[Dataset entries]
***

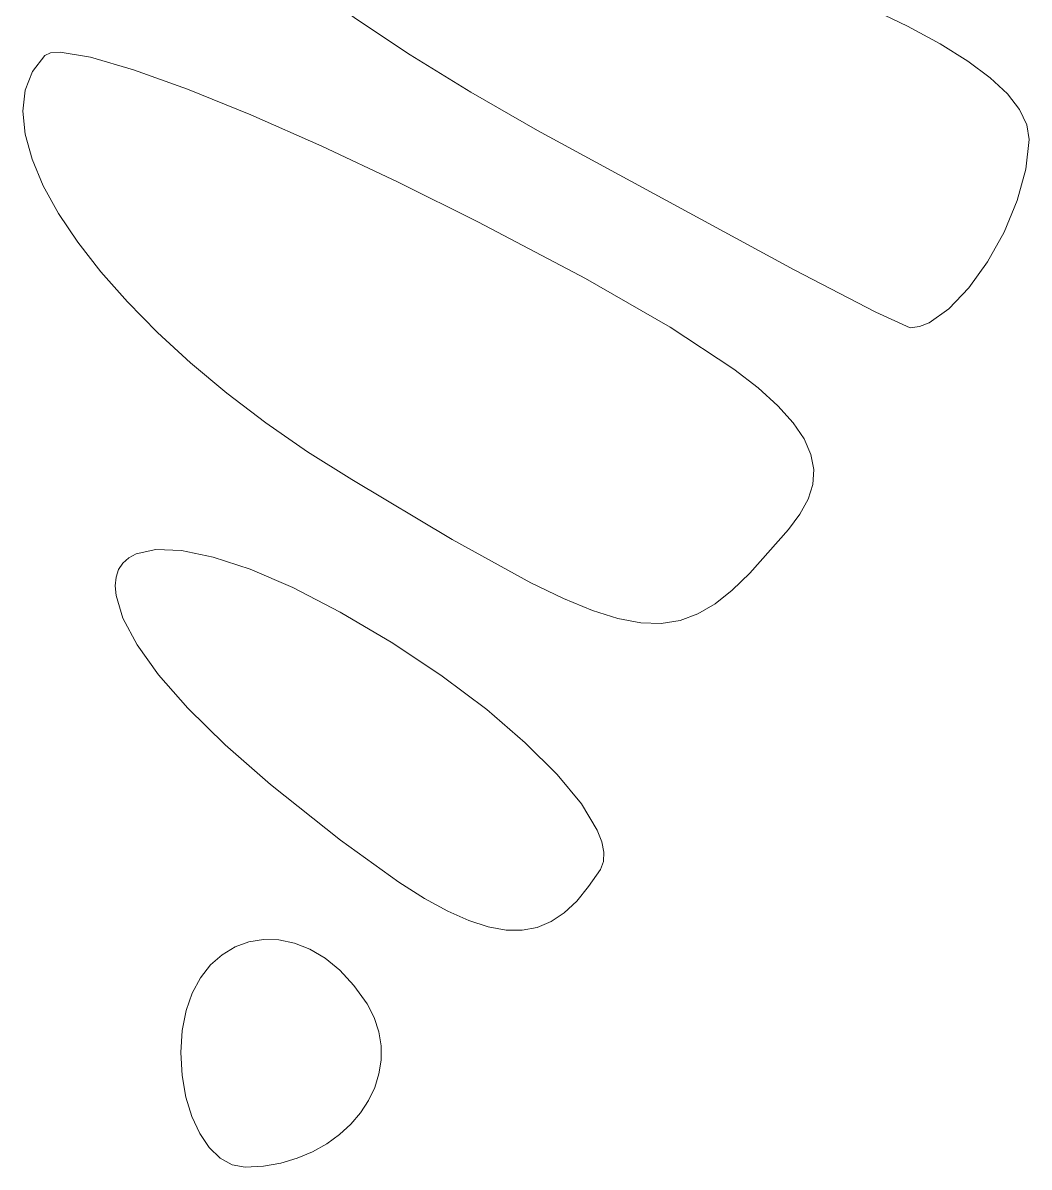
# Model space of a CAD drawing. Header units: millimetres. Extents: x -199 to 251, y -179 to 271.
# Drawn here: x 113.1 to 122.24, y 139.33 to 149.72 of the extents above; entities that cross this region are included whole.
import ezdxf

# ---------------------------------------------------------------- set-up
doc = ezdxf.new("R2010")
doc.units = ezdxf.units.MM
doc.header["$MEASUREMENT"] = 0
doc.layers.add('Camada 1', color=7, linetype='Continuous')

msp = doc.modelspace()

# ---------------------------------------------------------------- linework, layer by layer
at = {"layer": 'Camada 1', "color": 250, "lineweight": 18}
for points, knots in [([(114.6138, 151.5338), (114.6138, 151.5338), (114.5741, 151.4816), (114.5741, 151.4816), (114.5741, 151.4816), (114.5741, 151.4816), (114.5534, 151.4197), (114.5534, 151.4197), (114.5534, 151.4197), (114.5534, 151.4197), (114.5515, 151.3484), (114.5515, 151.3484), (114.5515, 151.3484), (114.5515, 151.3484), (114.5683, 151.2682), (114.5683, 151.2682), (114.5683, 151.2682), (114.5683, 151.2682), (114.6566, 151.0826), (114.6566, 151.0826), (114.6566, 151.0826), (114.6566, 151.0826), (114.8165, 150.8659), (114.8165, 150.8659), (114.8165, 150.8659), (114.8165, 150.8659), (115.0459, 150.6211), (115.0459, 150.6211), (115.0459, 150.6211), (115.0459, 150.6211), (115.3429, 150.3515), (115.3429, 150.3515), (115.3429, 150.3515), (115.3429, 150.3515), (115.7057, 150.0601), (115.7057, 150.0601), (115.7057, 150.0601), (115.7057, 150.0601), (116.1324, 149.7499), (116.1324, 149.7499), (116.1324, 149.7499), (116.1324, 149.7499), (116.6209, 149.4242), (116.6209, 149.4242), (116.6209, 149.4242), (116.6209, 149.4242), (117.1694, 149.086), (117.1694, 149.086), (117.1694, 149.086), (117.1694, 149.086), (117.7761, 148.7384), (117.7761, 148.7384), (117.7761, 148.7384), (117.7761, 148.7384), (120.1056, 147.474), (120.1056, 147.474), (120.1056, 147.474), (120.1056, 147.474), (120.8474, 147.0894), (120.8474, 147.0894), (120.8474, 147.0894), (120.8474, 147.0894), (121.1593, 146.9482), (121.1593, 146.9482), (121.1593, 146.9482), (121.1593, 146.9482), (121.2424, 146.9598), (121.2424, 146.9598), (121.2424, 146.9598), (121.2424, 146.9598), (121.3293, 146.9936), (121.3293, 146.9936), (121.3293, 146.9936), (121.3293, 146.9936), (121.5095, 147.1192), (121.5095, 147.1192), (121.5095, 147.1192), (121.5095, 147.1192), (121.6899, 147.309), (121.6899, 147.309), (121.6899, 147.309), (121.6899, 147.309), (121.8601, 147.5468), (121.8601, 147.5468), (121.8601, 147.5468), (121.8601, 147.5468), (122.0103, 147.8164), (122.0103, 147.8164), (122.0103, 147.8164), (122.0103, 147.8164), (122.1301, 148.1019), (122.1301, 148.1019), (122.1301, 148.1019), (122.1301, 148.1019), (122.2094, 148.3871), (122.2094, 148.3871), (122.2094, 148.3871), (122.2094, 148.3871), (122.2381, 148.656), (122.2381, 148.656), (122.2381, 148.656), (122.2381, 148.656), (122.2164, 148.7912), (122.2164, 148.7912), (122.2164, 148.7912), (122.2164, 148.7912), (122.1509, 148.9296), (122.1509, 148.9296), (122.1509, 148.9296), (122.1509, 148.9296), (122.0406, 149.0716), (122.0406, 149.0716), (122.0406, 149.0716), (122.0406, 149.0716), (121.8846, 149.2176), (121.8846, 149.2176), (121.8846, 149.2176), (121.8846, 149.2176), (121.6819, 149.3681), (121.6819, 149.3681), (121.6819, 149.3681), (121.6819, 149.3681), (121.4317, 149.5235), (121.4317, 149.5235), (121.4317, 149.5235), (121.4317, 149.5235), (121.133, 149.6841), (121.133, 149.6841), (121.133, 149.6841), (121.133, 149.6841), (120.7849, 149.8504), (120.7849, 149.8504), (120.7849, 149.8504), (120.7849, 149.8504), (119.937, 150.2018), (119.937, 150.2018), (119.937, 150.2018), (119.937, 150.2018), (118.8805, 150.5809), (118.8805, 150.5809), (118.8805, 150.5809), (118.8805, 150.5809), (117.6082, 150.9912), (117.6082, 150.9912), (117.6082, 150.9912), (117.6082, 150.9912), (116.1128, 151.4359), (116.1128, 151.4359), (116.1128, 151.4359), (116.1128, 151.4359), (115.647, 151.555), (115.647, 151.555), (115.647, 151.555), (115.647, 151.555), (115.2661, 151.6211), (115.2661, 151.6211), (115.2661, 151.6211), (115.2661, 151.6211), (114.9683, 151.6376), (114.9683, 151.6376), (114.9683, 151.6376), (114.9683, 151.6376), (114.7514, 151.6075), (114.7514, 151.6075), (114.7514, 151.6075), (114.7514, 151.6075), (114.6728, 151.5759), (114.6728, 151.5759), (114.6728, 151.5759), (114.6728, 151.5759), (114.6138, 151.5338), (114.6138, 151.5338)], [0, 0, 0, 0, 0.0227272727272727, 0.0227272727272727, 0.0227272727272727, 0.0227272727272727, 0.0454545454545455, 0.0454545454545455, 0.0454545454545455, 0.0454545454545455, 0.0681818181818182, 0.0681818181818182, 0.0681818181818182, 0.0681818181818182, 0.0909090909090909, 0.0909090909090909, 0.0909090909090909, 0.0909090909090909, 0.1136363636363636, 0.1136363636363636, 0.1136363636363636, 0.1136363636363636, 0.1363636363636364, 0.1363636363636364, 0.1363636363636364, 0.1363636363636364, 0.1590909090909091, 0.1590909090909091, 0.1590909090909091, 0.1590909090909091, 0.1818181818181818, 0.1818181818181818, 0.1818181818181818, 0.1818181818181818, 0.2045454545454546, 0.2045454545454546, 0.2045454545454546, 0.2045454545454546, 0.2272727272727273, 0.2272727272727273, 0.2272727272727273, 0.2272727272727273, 0.25, 0.25, 0.25, 0.25, 0.2727272727272727, 0.2727272727272727, 0.2727272727272727, 0.2727272727272727, 0.2954545454545455, 0.2954545454545455, 0.2954545454545455, 0.2954545454545455, 0.3181818181818182, 0.3181818181818182, 0.3181818181818182, 0.3181818181818182, 0.3409090909090909, 0.3409090909090909, 0.3409090909090909, 0.3409090909090909, 0.3636363636363636, 0.3636363636363636, 0.3636363636363636, 0.3636363636363636, 0.3863636363636364, 0.3863636363636364, 0.3863636363636364, 0.3863636363636364, 0.4090909090909091, 0.4090909090909091, 0.4090909090909091, 0.4090909090909091, 0.4318181818181818, 0.4318181818181818, 0.4318181818181818, 0.4318181818181818, 0.4545454545454545, 0.4545454545454545, 0.4545454545454545, 0.4545454545454545, 0.4772727272727273, 0.4772727272727273, 0.4772727272727273, 0.4772727272727273, 0.5, 0.5, 0.5, 0.5, 0.5227272727272727, 0.5227272727272727, 0.5227272727272727, 0.5227272727272727, 0.5454545454545454, 0.5454545454545454, 0.5454545454545454, 0.5454545454545454, 0.5681818181818182, 0.5681818181818182, 0.5681818181818182, 0.5681818181818182, 0.5909090909090909, 0.5909090909090909, 0.5909090909090909, 0.5909090909090909, 0.6136363636363636, 0.6136363636363636, 0.6136363636363636, 0.6136363636363636, 0.6363636363636364, 0.6363636363636364, 0.6363636363636364, 0.6363636363636364, 0.6590909090909091, 0.6590909090909091, 0.6590909090909091, 0.6590909090909091, 0.6818181818181818, 0.6818181818181818, 0.6818181818181818, 0.6818181818181818, 0.7045454545454546, 0.7045454545454546, 0.7045454545454546, 0.7045454545454546, 0.7272727272727273, 0.7272727272727273, 0.7272727272727273, 0.7272727272727273, 0.75, 0.75, 0.75, 0.75, 0.7727272727272727, 0.7727272727272727, 0.7727272727272727, 0.7727272727272727, 0.7954545454545454, 0.7954545454545454, 0.7954545454545454, 0.7954545454545454, 0.8181818181818182, 0.8181818181818182, 0.8181818181818182, 0.8181818181818182, 0.8409090909090909, 0.8409090909090909, 0.8409090909090909, 0.8409090909090909, 0.8636363636363636, 0.8636363636363636, 0.8636363636363636, 0.8636363636363636, 0.8863636363636364, 0.8863636363636364, 0.8863636363636364, 0.8863636363636364, 0.9090909090909091, 0.9090909090909091, 0.9090909090909091, 0.9090909090909091, 0.9318181818181818, 0.9318181818181818, 0.9318181818181818, 0.9318181818181818, 0.9545454545454546, 0.9545454545454546, 0.9545454545454546, 0.9545454545454546, 1, 1, 1, 1]), ([(113.3022, 149.4199), (113.3022, 149.4199), (113.1906, 149.2736), (113.1906, 149.2736), (113.1906, 149.2736), (113.1906, 149.2736), (113.125, 149.104), (113.125, 149.104), (113.125, 149.104), (113.125, 149.104), (113.1037, 148.9132), (113.1037, 148.9132), (113.1037, 148.9132), (113.1037, 148.9132), (113.125, 148.7036), (113.125, 148.7036), (113.125, 148.7036), (113.125, 148.7036), (113.1871, 148.4775), (113.1871, 148.4775), (113.1871, 148.4775), (113.1871, 148.4775), (113.2885, 148.2374), (113.2885, 148.2374), (113.2885, 148.2374), (113.2885, 148.2374), (113.4275, 147.9854), (113.4275, 147.9854), (113.4275, 147.9854), (113.4275, 147.9854), (113.6022, 147.7239), (113.6022, 147.7239), (113.6022, 147.7239), (113.6022, 147.7239), (113.8111, 147.4552), (113.8111, 147.4552), (113.8111, 147.4552), (113.8111, 147.4552), (114.0525, 147.1818), (114.0525, 147.1818), (114.0525, 147.1818), (114.0525, 147.1818), (114.3248, 146.9057), (114.3248, 146.9057), (114.3248, 146.9057), (114.3248, 146.9057), (114.6261, 146.6295), (114.6261, 146.6295), (114.6261, 146.6295), (114.6261, 146.6295), (114.9549, 146.3555), (114.9549, 146.3555), (114.9549, 146.3555), (114.9549, 146.3555), (115.3094, 146.0859), (115.3094, 146.0859), (115.3094, 146.0859), (115.3094, 146.0859), (115.688, 145.823), (115.688, 145.823), (115.688, 145.823), (115.688, 145.823), (116.089, 145.5693), (116.089, 145.5693), (116.089, 145.5693), (116.089, 145.5693), (117.0009, 145.0274), (117.0009, 145.0274), (117.0009, 145.0274), (117.0009, 145.0274), (117.7161, 144.6331), (117.7161, 144.6331), (117.7161, 144.6331), (117.7161, 144.6331), (118.0121, 144.4898), (118.0121, 144.4898), (118.0121, 144.4898), (118.0121, 144.4898), (118.2734, 144.3818), (118.2734, 144.3818), (118.2734, 144.3818), (118.2734, 144.3818), (118.505, 144.3085), (118.505, 144.3085), (118.505, 144.3085), (118.505, 144.3085), (118.7119, 144.2692), (118.7119, 144.2692), (118.7119, 144.2692), (118.7119, 144.2692), (118.8986, 144.2636), (118.8986, 144.2636), (118.8986, 144.2636), (118.8986, 144.2636), (119.0702, 144.2909), (119.0702, 144.2909), (119.0702, 144.2909), (119.0702, 144.2909), (119.2316, 144.3507), (119.2316, 144.3507), (119.2316, 144.3507), (119.2316, 144.3507), (119.3876, 144.4423), (119.3876, 144.4423), (119.3876, 144.4423), (119.3876, 144.4423), (119.543, 144.5654), (119.543, 144.5654), (119.543, 144.5654), (119.543, 144.5654), (119.7027, 144.7192), (119.7027, 144.7192), (119.7027, 144.7192), (119.7027, 144.7192), (120.0547, 145.117), (120.0547, 145.117), (120.0547, 145.117), (120.0547, 145.117), (120.1579, 145.2554), (120.1579, 145.2554), (120.1579, 145.2554), (120.1579, 145.2554), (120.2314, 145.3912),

***

Task instructions: Where in the entries does the word "units" occur? Copy out each line that has it.

Task solution:
# Model space of a CAD drawing. Header units: millimetres. Extents: x -199 to 251, y -179 to 271.
doc.units = ezdxf.units.MM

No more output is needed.